# 1080i or 720p



## bobrap (Dec 17, 2005)

Just got my box this week and still playing with all the buttons. Just wondered which is the better setting to use, I'm going into a Samsung HLS4666W using component cables. Side note, just switched from D* and I'm really happy with the Vip622 so far.


----------



## LEADTECH DNSC (Jul 26, 2006)

bobrap said:


> Just got my box this week and still playing with all the buttons. Just wondered which is the better setting to use, I'm going into a Samsung HLS4666W using component cables. Side note, just switched from D* and I'm really happy with the Vip622 so far.


1080i is better


----------



## Mike Johnson (Jan 16, 2005)

The Samsung HLS4666W has a native resolution of 720p, so it would be best to set your new ViP-622 DVR for 720p as well. It won't hurt to try both 1080i and 720p on the 622 and see which one you like better.


----------



## wje (Mar 8, 2006)

It depends upon whether the scaler in your TV is better or worse than the scaler in the 622, plus a lot of other factors, such as the format of the original material. Unfortunately, the 622 doesn't have a native-passthru mode, nor does it have a quick way of switching between its scaling modes. So, you're basically screwed one way or another. Whichever you pick, it won't always be optimal.

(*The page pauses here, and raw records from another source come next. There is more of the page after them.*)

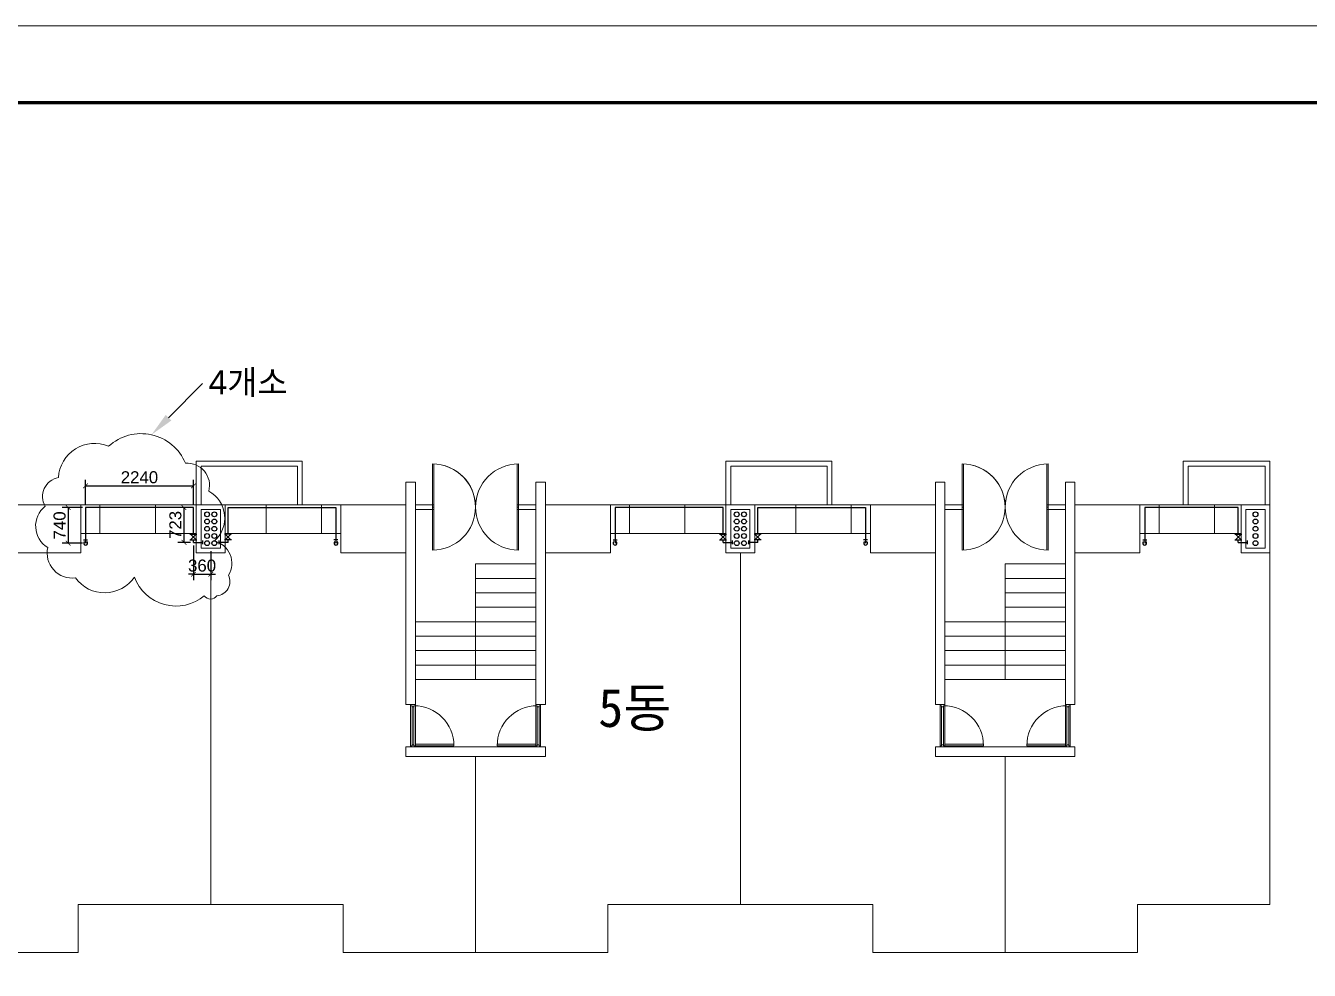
# Model space of a CAD drawing. Header units: millimetres. Extents: x 77978 to 1977917, y -128530 to 383426.
# Drawn here: x 1803352 to 1830012, y 109602 to 129213 of the extents above; entities that cross this region are included whole.
import ezdxf
from ezdxf import colors
from ezdxf.entities.mleader import LeaderData, LeaderLine
from ezdxf.math import Vec2, Vec3

# ---------------------------------------------------------------- set-up
doc = ezdxf.new("R2010")
doc.units = ezdxf.units.MM
doc.header["$LTSCALE"] = 20
doc.layers.get('0').update_dxf_attribs({"lineweight": 0})
doc.layers.add('TEXT', color=2, linetype='Continuous')
doc.layers.add('급수부품', color=2, linetype='Continuous')
for name, color, linetype, lineweight in [('WID', 6, 'Continuous', 0), ('건축선', 7, 'Continuous', 0), ('급수', 3, 'Continuous', 30), ('치수선', 1, 'Continuous', 0)]:
    doc.layers.add(name, color=color, linetype=linetype, lineweight=lineweight)
doc.styles.get("Standard").update_dxf_attribs({"font": 'arial.ttf'})
doc.styles.add('굴림800', font='', dxfattribs={"height": 800})
doc.styles.get('굴림800').set_extended_font_data('GulimChe')
doc.dimstyles.new('태림-100', dxfattribs={"dimscale": 100, "dimtxt": 2.5, "dimasz": 1, "dimexe": 1.25, "dimexo": 0.625, "dimgap": 0.5, "dimtad": 1, "dimdec": 0, "dimzin": 1, "dimdsep": 46, "dimtxsty": 'Standard', "dimblk": 'ARCHTICK', "dimcen": 2.5, "dimclrt": 2, "dimadec": 0, "dimazin": 0, "dimtfac": 1, "dimtdec": 0, "dimtix": 1, "dimtmove": 0, "dimatfit": 3, "dimfxl": 1, "dimarcsym": 0})

# ---------------------------------------------------------------- blocks, each defined once
blk = doc.blocks.new('상수도 도각-다중')
at = {"lineweight": 100}
blk.add_line((123000, 86100), (3000, 86100), dxfattribs=at)
blk.add_lwpolyline([(0, 0), (126000, 0), (126000, 89100), (0, 89100)], close=True)
blk = doc.blocks.new('A$C701459fe')
at = {"layer": '급수부품'}
for p, q in [((0, -283), (0, 284)), ((0, 233), (460, -232)), ((460, 233), (0, -232)), ((460, -283), (460, 284))]:
    blk.add_line(p, q, dxfattribs=at)
blk = doc.blocks.new('_ArchTick')
at = {"color": 0, "linetype": 'ByBlock', "const_width": 0.15}
blk.add_lwpolyline([(-0.5, -0.5), (0.5, 0.5)], dxfattribs=at)
blk = doc.blocks.new('*D5073')
at = {"layer": 'Defpoints', "color": 0}
for p in [(1806835, 119659), (1804595, 119209), (1806835, 119209)]:
    blk.add_point(p, dxfattribs=at)
at = {"layer": '치수선', "color": 0, "lineweight": -2}
for p, q in [((1804595, 119272), (1804595, 119784)), ((1806835, 119272), (1806835, 119784)), ((1804595, 119659), (1806835, 119659))]:
    blk.add_line(p, q, dxfattribs=at)
at = {"layer": '치수선', "color": 0, "linetype": 'ByBlock', "lineweight": -2, "xscale": 100, "yscale": 100, "zscale": 100, "rotation": 180}
blk.add_blockref('_ArchTick', (1804595, 119659), dxfattribs=at)
at = {"layer": '치수선', "color": 0, "linetype": 'ByBlock', "lineweight": -2, "xscale": 100, "yscale": 100, "zscale": 100}
blk.add_blockref('_ArchTick', (1806835, 119659), dxfattribs=at)
at = {"layer": '치수선', "color": 2, "insert": (1805715, 119837), "char_height": 250, "attachment_point": 5}
blk.add_mtext('2240', dxfattribs=at)
blk = doc.blocks.new('*D5074')
at = {"layer": 'Defpoints', "color": 0}
for p in [(1804595, 119209), (1804235, 118469), (1804595, 118469)]:
    blk.add_point(p, dxfattribs=at)
at = {"layer": '치수선', "color": 0, "lineweight": -2}
for p, q in [((1804532, 119209), (1804110, 119209)), ((1804235, 119209), (1804235, 118469)), ((1804532, 118469), (1804110, 118469))]:
    blk.add_line(p, q, dxfattribs=at)
at = {"layer": '치수선', "color": 0, "linetype": 'ByBlock', "lineweight": -2, "xscale": 100, "yscale": 100, "zscale": 100}
for p, rotation in [((1804235, 119209), 90), ((1804235, 118469), 270)]:
    blk.add_blockref('_ArchTick', p, dxfattribs=dict(at, rotation=rotation))
at = {"layer": '치수선', "color": 2, "insert": (1804057, 118839), "char_height": 250, "attachment_point": 5, "rotation": 90}
blk.add_mtext('740', dxfattribs=at)
blk = doc.blocks.new('*D5075')
at = {"layer": 'Defpoints', "color": 0}
for p in [(1806835, 119209), (1806639, 118487), (1806835, 118487)]:
    blk.add_point(p, dxfattribs=at)
at = {"layer": '치수선', "color": 0, "lineweight": -2}
for p, q in [((1806773, 119209), (1806514, 119209)), ((1806639, 119209), (1806639, 118487)), ((1806773, 118487), (1806514, 118487))]:
    blk.add_line(p, q, dxfattribs=at)
at = {"layer": '치수선', "color": 0, "linetype": 'ByBlock', "lineweight": -2, "xscale": 100, "yscale": 100, "zscale": 100}
for p, rotation in [((1806639, 119209), 90), ((1806639, 118487), 270)]:
    blk.add_blockref('_ArchTick', p, dxfattribs=dict(at, rotation=rotation))
at = {"layer": '치수선', "color": 2, "insert": (1806462, 118848), "char_height": 250, "attachment_point": 5, "rotation": 90}
blk.add_mtext('723', dxfattribs=at)
blk = doc.blocks.new('*D5076')
at = {"layer": 'Defpoints', "color": 0}
for p in [(1806835, 118484), (1807195, 118369), (1807195, 117825)]:
    blk.add_point(p, dxfattribs=at)
at = {"layer": '치수선', "color": 0, "lineweight": -2}
for p, q in [((1806835, 118421), (1806835, 117700)), ((1807195, 118307), (1807195, 117700)), ((1806835, 117825), (1806735, 117825)), ((1806835, 117825), (1807195, 117825)), ((1807195, 117825), (1807295, 117825))]:
    blk.add_line(p, q, dxfattribs=at)
at = {"layer": '치수선', "color": 0, "linetype": 'ByBlock', "lineweight": -2, "xscale": 100, "yscale": 100, "zscale": 100}
blk.add_blockref('_ArchTick', (1806835, 117825), dxfattribs=at)
at = {"layer": '치수선', "color": 0, "linetype": 'ByBlock', "lineweight": -2, "xscale": 100, "yscale": 100, "zscale": 100, "rotation": 180}
blk.add_blockref('_ArchTick', (1807195, 117825), dxfattribs=at)
at = {"layer": '치수선', "color": 2, "insert": (1807015, 118003), "char_height": 250, "attachment_point": 5}
blk.add_mtext('360', dxfattribs=at)

msp = doc.modelspace()

# ---------------------------------------------------------------- linework, layer by layer
for p, q in [((1808995.1, 119269.1), (1808995.1, 120069.1)), ((1819995.1, 119269.1), (1819995.1, 120069.1)), ((1827495.1, 119269.1), (1827495.1, 120069.1)), ((1811245.1, 119739.1), (1811445.1, 119739.1)), ((1813945.1, 119739.1), (1814145.1, 119739.1)), ((1822245.1, 119739.1), (1822445.1, 119739.1)), ((1824945.1, 119739.1), (1825145.1, 119739.1)), ((1802945.1, 119269.1), (1811245.1, 119269.1)), ((1804495.1, 119269.1), (1804495.1, 118269.1)), ((1806045.1, 119269.1), (1806045.1, 118669.1)), ((1808345.1, 119269.1), (1808345.1, 118669.1)), ((1809895.1, 119269.1), (1809895.1, 118269.1)), ((1814145.1, 119269.1), (1822245.1, 119269.1)), ((1815495.1, 119269.1), (1815495.1, 118269.1)), ((1817045.1, 119269.1), (1817045.1, 118669.1)), ((1819345.1, 119269.1), (1819345.1, 118669.1)), ((1820895.1, 119269.1), (1820895.1, 118269.1)), ((1825145.1, 119269.1), (1829195.1, 119269.1)), ((1826495.1, 119269.1), (1826495.1, 118269.1)), ((1828045.1, 119269.1), (1828045.1, 118669.1)), ((1829195.1, 119269.1), (1829195.1, 110969.1)), ((1804495.1, 118669.1), (1804595.1, 118669.1)), ((1804895.1, 118669.1), (1806895.1, 118669.1)), ((1809495.1, 118669.1), (1807495.1, 118669.1)), ((1809895.1, 118669.1), (1809795.1, 118669.1)), ((1815495.1, 118669.1), (1815595.1, 118669.1)), ((1815895.1, 118669.1), (1817895.1, 118669.1)), ((1820495.1, 118669.1), (1818495.1, 118669.1)), ((1820895.1, 118669.1), (1820795.1, 118669.1)), ((1826495.1, 118669.1), (1826595.1, 118669.1)), ((1826895.1, 118669.1), (1828595.1, 118669.1)), ((1804495.1, 118269.1), (1803145.1, 118269.1)), ((1807195.1, 110969.1), (1807195.1, 118269.1)), ((1809895.1, 118269.1), (1811245.1, 118269.1)), ((1815495.1, 118269.1), (1814145.1, 118269.1)), ((1818195.1, 110969.1), (1818195.1, 118269.1)), ((1820895.1, 118269.1), (1822245.1, 118269.1)), ((1826495.1, 118269.1), (1825145.1, 118269.1)), ((1812695.1, 115639.1), (1812695.1, 118039.1)), ((1812695.1, 115639.1), (1812695.1, 118039.1)), ((1823695.1, 115639.1), (1823695.1, 118039.1)), ((1823695.1, 115639.1), (1823695.1, 118039.1)), ((1812695.1, 109969.1), (1812695.1, 114039.1)), ((1823695.1, 109969.1), (1823695.1, 114039.1)), ((1809945.1, 110969.1), (1804445.1, 110969.1)), ((1804445.1, 110969.1), (1804445.1, 109969.1)), ((1809945.1, 109969.1), (1809945.1, 110969.1)), ((1820945.1, 110969.1), (1815445.1, 110969.1)), ((1815445.1, 110969.1), (1815445.1, 109969.1)), ((1820945.1, 109969.1), (1820945.1, 110969.1)), ((1829195.1, 110969.1), (1826445.1, 110969.1)), ((1826445.1, 110969.1), (1826445.1, 109969.1)), ((1804445.1, 109969.1), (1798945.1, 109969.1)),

In practice, it rarely makes a big difference. If you do a forum search, you'll see plenty of comments, flames, pedantic statements, and just plain confusion about the whole subject.

Try it out, pick what you like. Of course, you'll have to look at 8 different combos, and the best solution will only be best half the time anyway.

(source 720 vip 720 tv 720, 720 720 1080, 720 1080 720, etc)


----------



## ebaltz (Nov 23, 2004)

LEADTECH DNSC said:


> 1080i is better


Not. 1080i is actually 540p, so 720p is obviously better. But it does matter what the network broadcasts, what your TV is and what your box is set to. If all are 1080i, then go with that, but for almost everything else stick with 720p. Of course you could also get a 1080p set and wait for who knows when anything will actually be broadcast in that format.


----------



## LtMunst (Aug 24, 2005)

wje said:


> It depends upon whether the scaler in your TV is better or worse than the scaler in the 622,....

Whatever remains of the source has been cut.